A0932
Title: Abnormal component analysis
Authors: Pavlo Mozharovskyi - LTCI, Telecom Paris, Institut Polytechnique de Paris (France) [presenting]
Romain Valla - Telecom Paris, Institut Polytechnique de Paris (France)
Florence d Alche-Buc - Telecom Paris (France)
Abstract: At the crossroads of machine learning and data analysis, anomaly detection aims at identifying observations that exhibit abnormal behavior. Be it measurement errors, disease development, severe weather, production quality default(s) (items) or failed equipment, financial frauds, or crisis events, their on-time identification and isolation constitute an important task in almost any area of industry and science. While a substantial body of literature is devoted to the detection of anomalies, little attention is paid to their explanation. This is the case mostly due to the intrinsically non-supervised nature of the task and the non-robustness of the exploratory methods like principal component analysis (PCA).

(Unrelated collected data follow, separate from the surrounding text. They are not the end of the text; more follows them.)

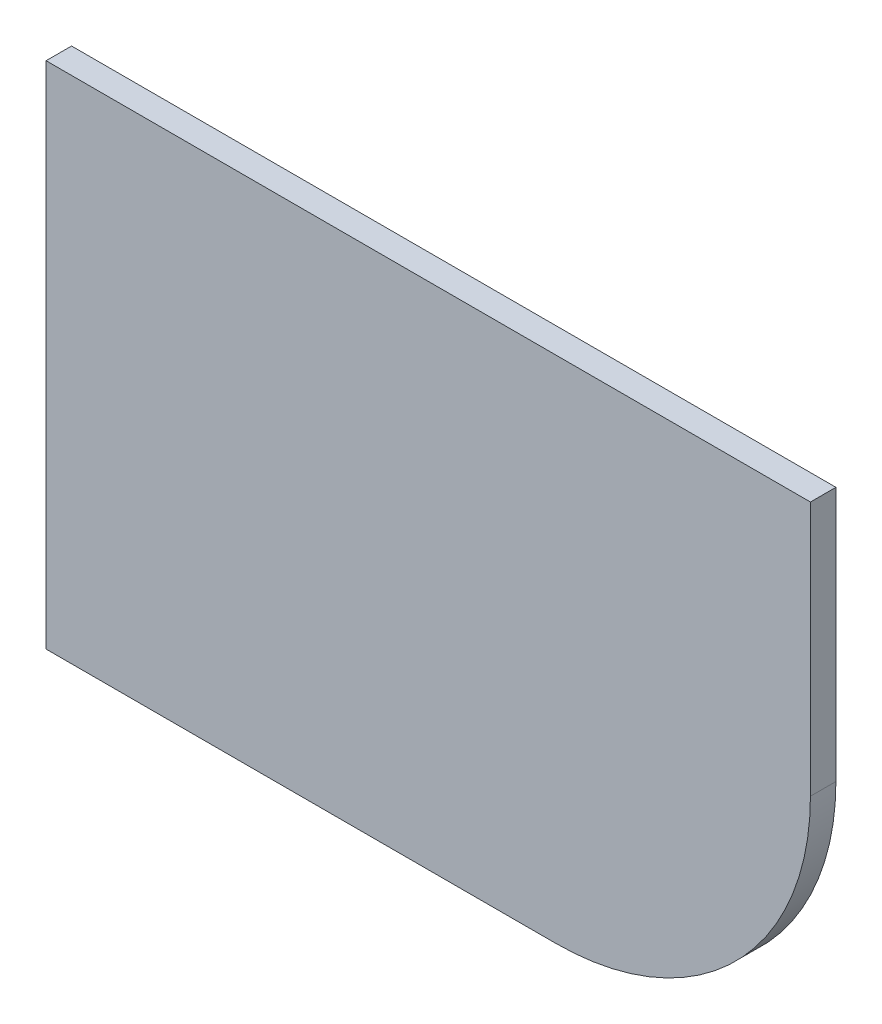
SolidWorks part; units mm, degrees
ref_plane "Front Plane" through (0, 0, 0) normal (0, 0, 1) x (1, 0, 0)
ref_plane "Top Plane" through (0, 0, 0) normal (0, 1, 0) x (1, 0, 0)
ref_plane "Right Plane" through (0, 0, 0) normal (1, 0, 0) x (0, 0, -1)
sketch "Sketch1" plane through (0, 0, 0) normal (0, 0, 1) x (1, 0, 0)
  line L0 (0, 200) -> (0, 0)
  line L1 (0, 200) -> (300, 200)
  line L2 (300, 200) -> (300, 100)
  line L3 (200, 0) -> (0, 0)
  arc A0 (300, 100) -> (200, 0) centre (200, 100) cw
  point P6 (0, 0)
  point P7 (0, 0)
  point P9 (8204.8419, 0)
  point P10 (6188.7221, -3528.2096)
  point P11 (5000, 0)
  point P12 (-7.7878, 126.6434)
  point P13 (0, 0)
  dimension "D1" = 300
  dimension "D3" = 100
  dimension "D2" = 200
extrude "Boss-Extrude1" add sketch "Sketch1" along normal mid plane 10
sketch "Sketch6" plane through (0, 0, -5) normal (0, 0, -1) x (-1, 0, 0)
  line L0 (0, 200) -> (0, 0) construction
  line L1 (0, 0) -> (-200, 0) construction
  circle A0 centre (-225, 140) radius 4
  circle A1 centre (-150, 90) radius 4
  circle A2 centre (-60, 140) radius 4
  circle A3 centre (-75, 40) radius 4
  point P8 (-388.0379, 160.8095)
  point P9 (-527.5982, 322.4847)
  point P10 (-266.5952, 105.5519)
  point P11 (-215.584, 257.0283)
  point P14 (0, 0)
  point P17 (-437.4413, 241.1375)
  point P18 (-450.1605, 272.8337)
  point P19 (-379.6834, 245.8284)
  point P20 (-151.7271, 255)
  point P21 (-39.2801, 175)
  dimension "D1" = 8
  dimension "D2" = 75
  dimension "D3" = 40
  dimension "D4" = 50
  dimension "D5" = 75
  dimension "D6" = 100
  dimension "D7" = 50
  dimension "D8" = 75
  dimension "D9" = 15
extrude "Cut-Extrude1" cut sketch "Sketch6" against normal offset from surface (9 mm away) 1 up to face at (164.1421, 95.8579, 5)

A new statistical tool is introduced, dedicated to exploratory analysis of abnormal observations using data depth as a score. Abnormal component analysis (shortly ACA) is a method that searches a low-dimensional data representation that best visualizes and explains anomalies. This low-dimensional representation not only allows to distinguish groups of anomalies better than the methods of the state of the art, but as well provides a linear in variables and thus easily interpretable explanation for anomalies.